🤖 AI Summary
Current large language models (LLMs) exhibit dual limitations in enterprise competitive analysis: insufficient access to real-time commercial knowledge and inadequate multidimensional competitive cognition, leading to strategic decision bias. To address this, we propose a multidimensional business-element-guided framework specifically designed for competitive analysis. Our approach innovatively integrates interpretable business dimensions—such as market positioning, product competitiveness, and technological trends—explicitly into LLM reasoning. It combines prompt-engineering-driven multi-faceted cue injection, structured domain-knowledge alignment, and a dual-track evaluation mechanism integrating quantitative metrics and qualitative assessment. Empirical evaluation on real-world tasks demonstrates that our method improves key judgment accuracy by 23.6% and analytical consistency by 31.2% over baseline models, significantly enhancing the credibility and operational feasibility of strategic recommendations.
📝 Abstract
Competitor analysis is essential in modern business due to the influence of industry rivals on strategic planning. It involves assessing multiple aspects and balancing trade-offs to make informed decisions.

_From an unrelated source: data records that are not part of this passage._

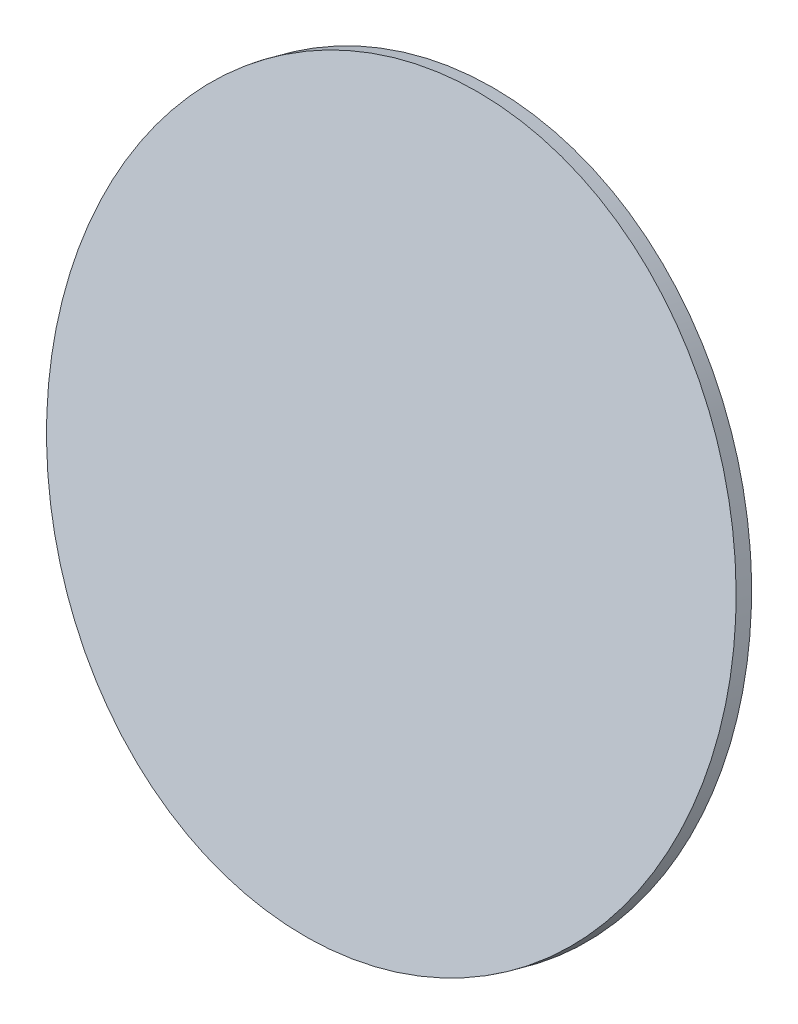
ISO-10303-21;
HEADER;
FILE_DESCRIPTION(('STEP AP214'),'2;1');
FILE_NAME('part.step','',(''),(''),'','','');
FILE_SCHEMA(('AUTOMOTIVE_DESIGN { 1 0 10303 214 1 1 1 1 }'));
ENDSEC;
DATA;
#1=APPLICATION_CONTEXT('core data for automotive mechanical design processes');
#2=APPLICATION_PROTOCOL_DEFINITION('international standard','automotive_design',2000,#1);
#3=PRODUCT_CONTEXT('',#1,'mechanical');
#4=PRODUCT('Part','Part','',(#3));
#5=PRODUCT_RELATED_PRODUCT_CATEGORY('part','',(#4));
#6=PRODUCT_DEFINITION_FORMATION('','',#4);
#7=PRODUCT_DEFINITION_CONTEXT('part definition',#1,'design');
#8=PRODUCT_DEFINITION('design','',#6,#7);
#9=PRODUCT_DEFINITION_SHAPE('','',#8);
#10=(LENGTH_UNIT() NAMED_UNIT(*) SI_UNIT(.MILLI.,.METRE.));
#11=(NAMED_UNIT(*) PLANE_ANGLE_UNIT() SI_UNIT($,.RADIAN.));
#12=(NAMED_UNIT(*) SI_UNIT($,.STERADIAN.) SOLID_ANGLE_UNIT());
#13=UNCERTAINTY_MEASURE_WITH_UNIT(LENGTH_MEASURE(1.E-05),#10,'distance_accuracy_value','');
#14=(GEOMETRIC_REPRESENTATION_CONTEXT(3) GLOBAL_UNCERTAINTY_ASSIGNED_CONTEXT((#13)) GLOBAL_UNIT_ASSIGNED_CONTEXT((#10,
#11,#12)) REPRESENTATION_CONTEXT('',''));
#15=CARTESIAN_POINT('',(0.,0.,0.));
#16=DIRECTION('',(0.,0.,1.));
#17=DIRECTION('',(1.,0.,0.));
#18=AXIS2_PLACEMENT_3D('',#15,#16,#17);
#19=CARTESIAN_POINT('',(16.7174292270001,101.217541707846,-79.615895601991));
#20=CARTESIAN_POINT('',(18.0849751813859,101.217541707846,-79.615895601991));
#21=CARTESIAN_POINT('',(20.8200670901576,100.957337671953,-79.5461741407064));
#22=CARTESIAN_POINT('',(24.7650428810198,99.8014187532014,-79.2364465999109));
#23=CARTESIAN_POINT('',(28.4007533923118,97.9243082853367,-78.7334763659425));
#24=CARTESIAN_POINT('',(31.5874803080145,95.3981425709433,-78.0565923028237));
#25=CARTESIAN_POINT('',(34.2027594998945,92.3200007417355,-77.231806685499));
#26=CARTESIAN_POINT('',(36.1460872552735,88.808174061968,-76.2908155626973));
#27=CARTESIAN_POINT('',(37.3427825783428,84.997620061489,-75.2697806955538));
#28=CARTESIAN_POINT('',(37.7468571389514,81.0347761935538,-74.2079398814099));
#29=CARTESIAN_POINT('',(37.3427825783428,77.0719323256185,-73.1460990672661));
#30=CARTESIAN_POINT('',(36.1460872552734,73.2613783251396,-72.1250642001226));
#31=CARTESIAN_POINT('',(34.2027594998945,69.749551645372,-71.1840730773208));
#32=CARTESIAN_POINT('',(31.5874803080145,66.6714098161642,-70.3592874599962));
#33=CARTESIAN_POINT('',(28.4007533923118,64.1452441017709,-69.6824033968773));
#34=CARTESIAN_POINT('',(24.7650428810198,62.268133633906,-69.1794331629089));
#35=CARTESIAN_POINT('',(20.8200670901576,61.112214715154,-68.8697056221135));
#36=CARTESIAN_POINT('',(16.717429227,60.7219086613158,-68.7651234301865));
#37=CARTESIAN_POINT('',(12.6147913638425,61.112214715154,-68.8697056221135));
#38=CARTESIAN_POINT('',(8.66981557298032,62.268133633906,-69.1794331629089));
#39=CARTESIAN_POINT('',(5.03410506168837,64.1452441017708,-69.6824033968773));
#40=CARTESIAN_POINT('',(1.84737814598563,66.6714098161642,-70.3592874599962));
#41=CARTESIAN_POINT('',(-0.767901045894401,69.749551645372,-71.1840730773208));
#42=CARTESIAN_POINT('',(-2.71122880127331,73.2613783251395,-72.1250642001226));
#43=CARTESIAN_POINT('',(-3.90792412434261,77.0719323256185,-73.1460990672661));
#44=CARTESIAN_POINT('',(-4.31199868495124,81.0347761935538,-74.2079398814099));
#45=CARTESIAN_POINT('',(-3.90792412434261,84.997620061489,-75.2697806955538));
#46=CARTESIAN_POINT('',(-2.71122880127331,88.808174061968,-76.2908155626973));
#47=CARTESIAN_POINT('',(-0.767901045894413,92.3200007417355,-77.2318066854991));
#48=CARTESIAN_POINT('',(1.84737814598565,95.3981425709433,-78.0565923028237));
#49=CARTESIAN_POINT('',(5.03410506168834,97.9243082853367,-78.7334763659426));
#50=CARTESIAN_POINT('',(8.66981557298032,99.8014187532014,-79.2364465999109));
#51=CARTESIAN_POINT('',(12.6147913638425,100.957337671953,-79.5461741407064));
#52=CARTESIAN_POINT('',(15.3498832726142,101.217541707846,-79.615895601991));
#53=CARTESIAN_POINT('',(16.7174292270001,101.217541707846,-79.615895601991));
#54=B_SPLINE_CURVE_WITH_KNOTS('',3,(#19,#20,#21,#22,#23,#24,#25,#26,#27,#28,#29,#30,#31,#32,#33,
#34,#35,#36,#37,#38,#39,#40,#41,#42,#43,#44,#45,#46,#47,#48,#49,#50,#51,#52,#53),.UNSPECIFIED.,
.T.,.F.,(4,1,1,1,1,1,1,1,1,1,1,1,1,1,1,1,1,1,1,1,1,1,1,1,1,1,1,1,1,1,1,1,4),(0.,0.03125,0.0625,
0.09375,0.125,0.15625,0.1875,0.21875,0.25,0.28125,0.3125,0.34375,0.375,0.40625,0.4375,0.46875,
0.5,0.53125,0.5625,0.59375,0.625,0.65625,0.6875,0.71875,0.75,0.78125,0.8125,0.84375,0.875,
0.90625,0.9375,0.96875,1.),.UNSPECIFIED.);
#55=DIRECTION('',(0.,-0.258819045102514,-0.96592582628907));
#56=VECTOR('',#55,1.);
#57=SURFACE_OF_LINEAR_EXTRUSION('',#54,#56);
#58=CARTESIAN_POINT('',(16.717429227,101.217541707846,-79.615895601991));
#59=CARTESIAN_POINT('',(16.9909395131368,101.217541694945,-79.6158955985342));
#60=CARTESIAN_POINT('',(17.2644486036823,101.212337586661,-79.6145011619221));
#61=CARTESIAN_POINT('',(17.8110463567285,101.191561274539,-79.6089341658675));
#62=CARTESIAN_POINT('',(18.0841350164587,101.175989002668,-79.6047615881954));
#63=CARTESIAN_POINT('',(18.6294711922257,101.134516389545,-79.5936490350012));
#64=CARTESIAN_POINT('',(18.9017187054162,101.108616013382,-79.5867090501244));
#65=CARTESIAN_POINT('',(19.4449525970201,101.046527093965,-79.5700723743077));
#66=CARTESIAN_POINT('',(19.7159389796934,101.010338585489,-79.5603756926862));
#67=CARTESIAN_POINT('',(20.2562306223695,100.927713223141,-79.538236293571));
#68=CARTESIAN_POINT('',(20.5255358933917,100.881276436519,-79.5257935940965));
#69=CARTESIAN_POINT('',(21.0620442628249,100.778194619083,-79.4981729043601));
#70=CARTESIAN_POINT('',(21.3292473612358,100.721549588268,-79.4829949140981));
#71=CARTESIAN_POINT('',(21.8611465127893,100.598170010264,-79.4499354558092));
#72=CARTESIAN_POINT('',(22.1258425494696,100.53143539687,-79.4320539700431));
#73=CARTESIAN_POINT('',(22.6523238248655,100.387995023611,-79.3936192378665));
#74=CARTESIAN_POINT('',(22.9141090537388,100.311289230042,-79.3730659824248));
#75=CARTESIAN_POINT('',(23.4343646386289,100.148024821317,-79.3293194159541));
#76=CARTESIAN_POINT('',(23.6928350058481,100.061466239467,-79.3061261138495));
#77=CARTESIAN_POINT('',(24.206057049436,99.8786144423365,-79.2571311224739));
#78=CARTESIAN_POINT('',(24.4608087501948,99.7823212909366,-79.2313294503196));
#79=CARTESIAN_POINT('',(24.9661885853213,99.5801190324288,-79.1771495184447));
#80=CARTESIAN_POINT('',(25.2168167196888,99.474209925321,-79.1487712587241));
#81=CARTESIAN_POINT('',(25.7135763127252,99.2529684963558,-79.0894897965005));
#82=CARTESIAN_POINT('',(25.9597077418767,99.1376361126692,-79.0585865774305));
#83=CARTESIAN_POINT('',(26.4471018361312,98.8977403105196,-78.9943066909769));
#84=CARTESIAN_POINT('',(26.6883644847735,98.7731768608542,-78.9609300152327));
#85=CARTESIAN_POINT('',(27.1656486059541,98.5150111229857,-78.8917547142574));
#86=CARTESIAN_POINT('',(27.4016700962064,98.3814088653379,-78.8559560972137));
#87=CARTESIAN_POINT('',(27.868099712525,98.1053575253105,-78.7819883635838));
#88=CARTESIAN_POINT('',(28.0985078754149,97.9629085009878,-78.743819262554));
#89=CARTESIAN_POINT('',(28.5533377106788,97.6693563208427,-78.6651621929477));
#90=CARTESIAN_POINT('',(28.777759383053,97.5182531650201,-78.6246742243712));
#91=CARTESIAN_POINT('',(29.2202892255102,97.2076520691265,-78.5414489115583));
#92=CARTESIAN_POINT('',(29.4383973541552,97.0481540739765,-78.4987115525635));
#93=CARTESIAN_POINT('',(29.8679739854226,96.7210219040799,-78.4110567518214));
#94=CARTESIAN_POINT('',(30.0794424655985,96.5533877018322,-78.3661393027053));
#95=CARTESIAN_POINT('',(30.4954133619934,96.2102417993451,-78.2741936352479));
#96=CARTESIAN_POINT('',(30.6999158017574,96.0347301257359,-78.2271654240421));
#97=CARTESIAN_POINT('',(31.1016283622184,95.6760877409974,-78.1310674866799));
#98=CARTESIAN_POINT('',(31.2988385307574,95.4929570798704,-78.0819977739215));
#99=CARTESIAN_POINT('',(31.685639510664,95.1193360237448,-77.9818863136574));
#100=CARTESIAN_POINT('',(31.8752303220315,94.9288456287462,-77.9308445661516));
#101=CARTESIAN_POINT('',(32.2465242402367,94.5408210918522,-77.8268737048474));
#102=CARTESIAN_POINT('',(32.4282272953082,94.3432869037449,-77.7739445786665));
#103=CARTESIAN_POINT('',(32.7834780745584,93.9414898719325,-77.6662833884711));
#104=CARTESIAN_POINT('',(32.9570257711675,93.7372270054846,-77.6115513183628));
#105=CARTESIAN_POINT('',(33.2956979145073,93.3222878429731,-77.5003687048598));
#106=CARTESIAN_POINT('',(33.4608223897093,93.1116115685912,-77.4439181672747));
#107=CARTESIAN_POINT('',(33.7823803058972,92.6841605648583,-77.3293830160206));
#108=CARTESIAN_POINT('',(33.9388138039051,92.4673858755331,-77.2712984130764));
#109=CARTESIAN_POINT('',(34.2427213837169,92.0280539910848,-77.1535797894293));
#110=CARTESIAN_POINT('',(34.3901954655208,91.8054967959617,-77.0939457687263));
#111=CARTESIAN_POINT('',(34.6759848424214,91.3549603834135,-76.9732249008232));
#112=CARTESIAN_POINT('',(34.8143000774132,91.1269811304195,-76.9121380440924));
#113=CARTESIAN_POINT('',(35.0815729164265,90.6659600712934,-76.7886078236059));
#114=CARTESIAN_POINT('',(35.2105304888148,90.4329182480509,-76.7261644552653));
#115=CARTESIAN_POINT('',(35.4588888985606,89.9621317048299,-76.6000175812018));
#116=CARTESIAN_POINT('',(35.5782897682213,89.7243870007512,-76.5363140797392));
#117=CARTESIAN_POINT('',(35.8073357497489,89.2445540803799,-76.4077432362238));
#118=CARTESIAN_POINT('',(35.9169809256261,89.0024658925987,-76.3428759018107));
#119=CARTESIAN_POINT('',(36.1263161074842,88.5143064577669,-76.2120739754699));
#120=CARTESIAN_POINT('',(36.2260061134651,88.2682352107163,-76.1461393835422));
#121=CARTESIAN_POINT('',(36.4153082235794,87.7725007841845,-76.0133077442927));
#122=CARTESIAN_POINT('',(36.5049202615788,87.5228375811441,-75.9464106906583));
#123=CARTESIAN_POINT('',(36.6739440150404,87.020309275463,-75.8117586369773));
#124=CARTESIAN_POINT('',(36.7533556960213,86.7674441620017,-75.7440036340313));
#125=CARTESIAN_POINT('',(36.9018560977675,86.258902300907,-75.6077402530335));
#126=CARTESIAN_POINT('',(36.9709448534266,86.0032255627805,-75.5392318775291));
#127=CARTESIAN_POINT('',(37.0986767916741,85.4894504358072,-75.4015662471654));
#128=CARTESIAN_POINT('',(37.1573200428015,85.2313520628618,-75.3324089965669));
#129=CARTESIAN_POINT('',(37.2640381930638,84.7131247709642,-75.1935504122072));
#130=CARTESIAN_POINT('',(37.3121130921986,84.452995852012,-75.123849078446));
#131=CARTESIAN_POINT('',(37.3976531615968,83.931114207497,-74.9840113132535));
#132=CARTESIAN_POINT('',(37.4351182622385,83.6693614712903,-74.9138748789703));
#133=CARTESIAN_POINT('',(37.4993974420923,83.1446378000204,-74.7732755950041));
#134=CARTESIAN_POINT('',(37.5262114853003,82.8816668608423,-74.7028127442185));
#135=CARTESIAN_POINT('',(37.5691470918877,82.3549126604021,-74.5616693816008));
#136=CARTESIAN_POINT('',(37.5852686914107,82.0911294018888,-74.4909888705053));
#137=CARTESIAN_POINT('',(37.6067779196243,81.5631561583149,-74.3495188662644));
#138=CARTESIAN_POINT('',(37.6121656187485,81.2989661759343,-74.2787293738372));
#139=CARTESIAN_POINT('',(37.6121656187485,80.7705862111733,-74.1371503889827));
#140=CARTESIAN_POINT('',(37.6067779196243,80.5063962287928,-74.0663608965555));
#141=CARTESIAN_POINT('',(37.5852686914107,79.9784229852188,-73.9248908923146));
#142=CARTESIAN_POINT('',(37.5691470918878,79.7146397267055,-73.8542103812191));
#143=CARTESIAN_POINT('',(37.5262114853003,79.1878855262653,-73.7130670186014));
#144=CARTESIAN_POINT('',(37.4993974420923,78.9249145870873,-73.6426041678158));
#145=CARTESIAN_POINT('',(37.4351182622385,78.4001909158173,-73.5020048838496));
#146=CARTESIAN_POINT('',(37.3976531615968,78.1384381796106,-73.4318684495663));
#147=CARTESIAN_POINT('',(37.3121130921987,77.6165565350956,-73.2920306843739));
#148=CARTESIAN_POINT('',(37.2640381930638,77.3564276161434,-73.2223293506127));
#149=CARTESIAN_POINT('',(37.1573200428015,76.8382003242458,-73.083470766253));
#150=CARTESIAN_POINT('',(37.0986767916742,76.5801019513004,-73.0143135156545));
#151=CARTESIAN_POINT('',(36.9709448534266,76.0663268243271,-72.8766478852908));
#152=CARTESIAN_POINT('',(36.9018560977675,75.8106500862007,-72.8081395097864));
#153=CARTESIAN_POINT('',(36.7533556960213,75.3021082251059,-72.6718761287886));
#154=CARTESIAN_POINT('',(36.6739440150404,75.0492431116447,-72.6041211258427));
#155=CARTESIAN_POINT('',(36.5049202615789,74.5467148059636,-72.4694690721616));
#156=CARTESIAN_POINT('',(36.4153082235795,74.2970516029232,-72.4025720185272));
#157=CARTESIAN_POINT('',(36.2260061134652,73.8013171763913,-72.2697403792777));
#158=CARTESIAN_POINT('',(36.1263161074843,73.5552459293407,-72.20380578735));
#159=CARTESIAN_POINT('',(35.9169809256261,73.067086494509,-72.0730038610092));
#160=CARTESIAN_POINT('',(35.8073357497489,72.8249983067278,-72.0081365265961));
#161=CARTESIAN_POINT('',(35.5782897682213,72.3451653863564,-71.8795656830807));
#162=CARTESIAN_POINT('',(35.4588888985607,72.1074206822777,-71.815862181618));
#163=CARTESIAN_POINT('',(35.2105304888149,71.6366341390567,-71.6897153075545));
#164=CARTESIAN_POINT('',(35.0815729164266,71.4035923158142,-71.627271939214));
#165=CARTESIAN_POINT('',(34.8143000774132,70.9425712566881,-71.5037417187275));
#166=CARTESIAN_POINT('',(34.6759848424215,70.7145920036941,-71.4426548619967));
#167=CARTESIAN_POINT('',(34.3901954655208,70.264055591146,-71.3219339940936));
#168=CARTESIAN_POINT('',(34.2427213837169,70.0414983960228,-71.2622999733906));
#169=CARTESIAN_POINT('',(33.9388138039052,69.6021665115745,-71.1445813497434));
#170=CARTESIAN_POINT('',(33.7823803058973,69.3853918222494,-71.0864967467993));
#171=CARTESIAN_POINT('',(33.4608223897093,68.9579408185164,-70.9719615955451));
#172=CARTESIAN_POINT('',(33.2956979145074,68.7472645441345,-70.9155110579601));
#173=CARTESIAN_POINT('',(32.9570257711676,68.3323253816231,-70.8043284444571));
#174=CARTESIAN_POINT('',(32.7834780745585,68.1280625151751,-70.7495963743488));
#175=CARTESIAN_POINT('',(32.4282272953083,67.7262654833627,-70.6419351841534));
#176=CARTESIAN_POINT('',(32.2465242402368,67.5287312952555,-70.5890060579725));
#177=CARTESIAN_POINT('',(31.8752303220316,67.1407067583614,-70.4850351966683));
#178=CARTESIAN_POINT('',(31.685639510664,66.9502163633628,-70.4339934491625));
#179=CARTESIAN_POINT('',(31.2988385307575,66.5765953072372,-70.3338819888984));
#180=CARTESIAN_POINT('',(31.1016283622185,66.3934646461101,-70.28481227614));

Recent Large Language Models (LLMs) have demonstrated impressive capabilities to reason about such trade-offs but grapple with inherent limitations such as a lack of knowledge about contemporary or future realities and an incomplete understanding of a market's competitive landscape. In this paper, we address this gap by incorporating business aspects into LLMs to enhance their understanding of a competitive market. Through quantitative and qualitative experiments, we illustrate how integrating such aspects consistently improves model performance, thereby enhancing analytical efficacy in competitor analysis.